I've been wondering for the firat picture ive seen of that plane why the nose is so.... non DB-601-ish


----------



## DerAdlerIstGelandet (Aug 16, 2006)

That aircraft is a HS-1112 built by Spain.

Spain was liscense building the Bf-109 but never recieved the DB-601 engines so they put 12-cylinder "V" configured, 1,300 hp Hispano-Suiza 12Z-17 engine and a three bladed propeller. That is why the nose looks different. It is basically a Bf-109 with a different engine, built by a different country and different name.

The reason it is painted that way is because many of them are used in making movies most noticably _Memphis Belle_. Due to the lack of flying Bf-109s they use the Hs-1112.


----------



## Brunner (Aug 16, 2006)

DerAdlerIstGelandet said:



> The reason it is painted that way is because many of them are used in making movies most noticably _Memphis Belle_. Due to the lack of flying Bf-109s they use the Hs-1112.



Also in "Battle of Britain".

This Hs 1112 seems a bit similar to "jumoschmitt" - early Bf109 equipped with Jumo engines.


----------



## DerAdlerIstGelandet (Aug 16, 2006)

Thats what the Hs-1112 looked like. All of them.


----------



## Mtr Bao (Aug 18, 2006)

DerAdlerIstGelandet said:


> That aircraft is a HS-1112 built by Spain.
> 
> Spain was liscense building the Bf-109 but never recieved the DB-601 engines so they put 12-cylinder "V" configured, 1,300 hp Hispano-Suiza 12Z-17 engine and a three bladed propeller. That is why the nose looks different. It is basically a Bf-109 with a different engine, built by a different country and different name.
> 
> The reason it is painted that way is because many of them are used in making movies most noticably _Memphis Belle_. Due to the lack of flying Bf-109s they use the Hs-1112.

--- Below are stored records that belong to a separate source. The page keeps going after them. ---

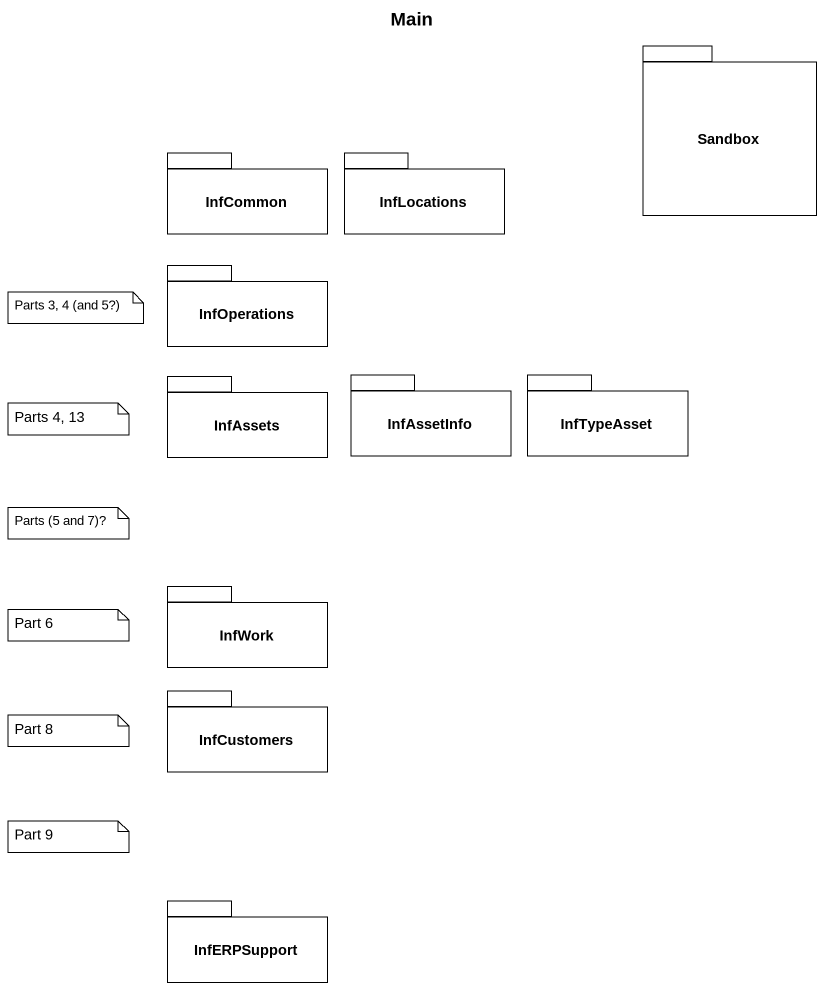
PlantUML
@startuml
title Main
package Sandbox {
}
package InfCommon {
}
package InfLocations {
}
package InfOperations {
}
package InfAssets {
}
package InfAssetInfo {
}
package InfTypeAsset {
}
package InfWork {
}
package InfCustomers {
}
package InfERPSupport {
}
note as N1
  Parts 3, 4 (and 5?)
end note
note as N2
  Parts 4, 13
end note
note as N3
  Parts (5 and 7)?
end note
note as N4
  Part 6
end note
note as N5
  Part 8
end note
note as N6
  Part 9
end note
@enduml

Many Ha-1112s were also built with Merlins and had 4-blade props, nicht wahr?

Mtr Bao


----------



## DerAdlerIstGelandet (Aug 23, 2006)

Yes the second spanish version was built with a Merlin. Not sure how many though.


----------



## kasper (Sep 5, 2006)

Thanks for the info on the Me-109 (or not). The shots were taken many moons ago in Northern Ireland. The aircraft involved haven't been seen here since (to the best of my knowledge) and I just wondered if they were still doing the show circuits.


----------



## DerAdlerIstGelandet (Sep 6, 2006)

Yes there are many of them and they are all still flying.


----------



## pgf_666 (Jul 31, 2007)

Mtr Bao said:


> Many Ha-1112s were also built with Merlins and had 4-blade props, nicht wahr?
> 
> Mtr Bao



Actually, that _is_ a merlin powered 1112....the hisso-powered one had a substantially different cowling. Looked, I don't know, sort of Italian....

pgf


----------



## DerAdlerIstGelandet (Jul 31, 2007)

pgf_666 said:


> Actually, that _is_ a merlin powered 1112....the hisso-powered one had a substantially different cowling. Looked, I don't know, sort of Italian....
> 
> pgf



Yes we know back in August of 2006 I told them it was a Hispano. The 1112 by the way is Spanish not Italian.

There are however several original 109s still flying.


----------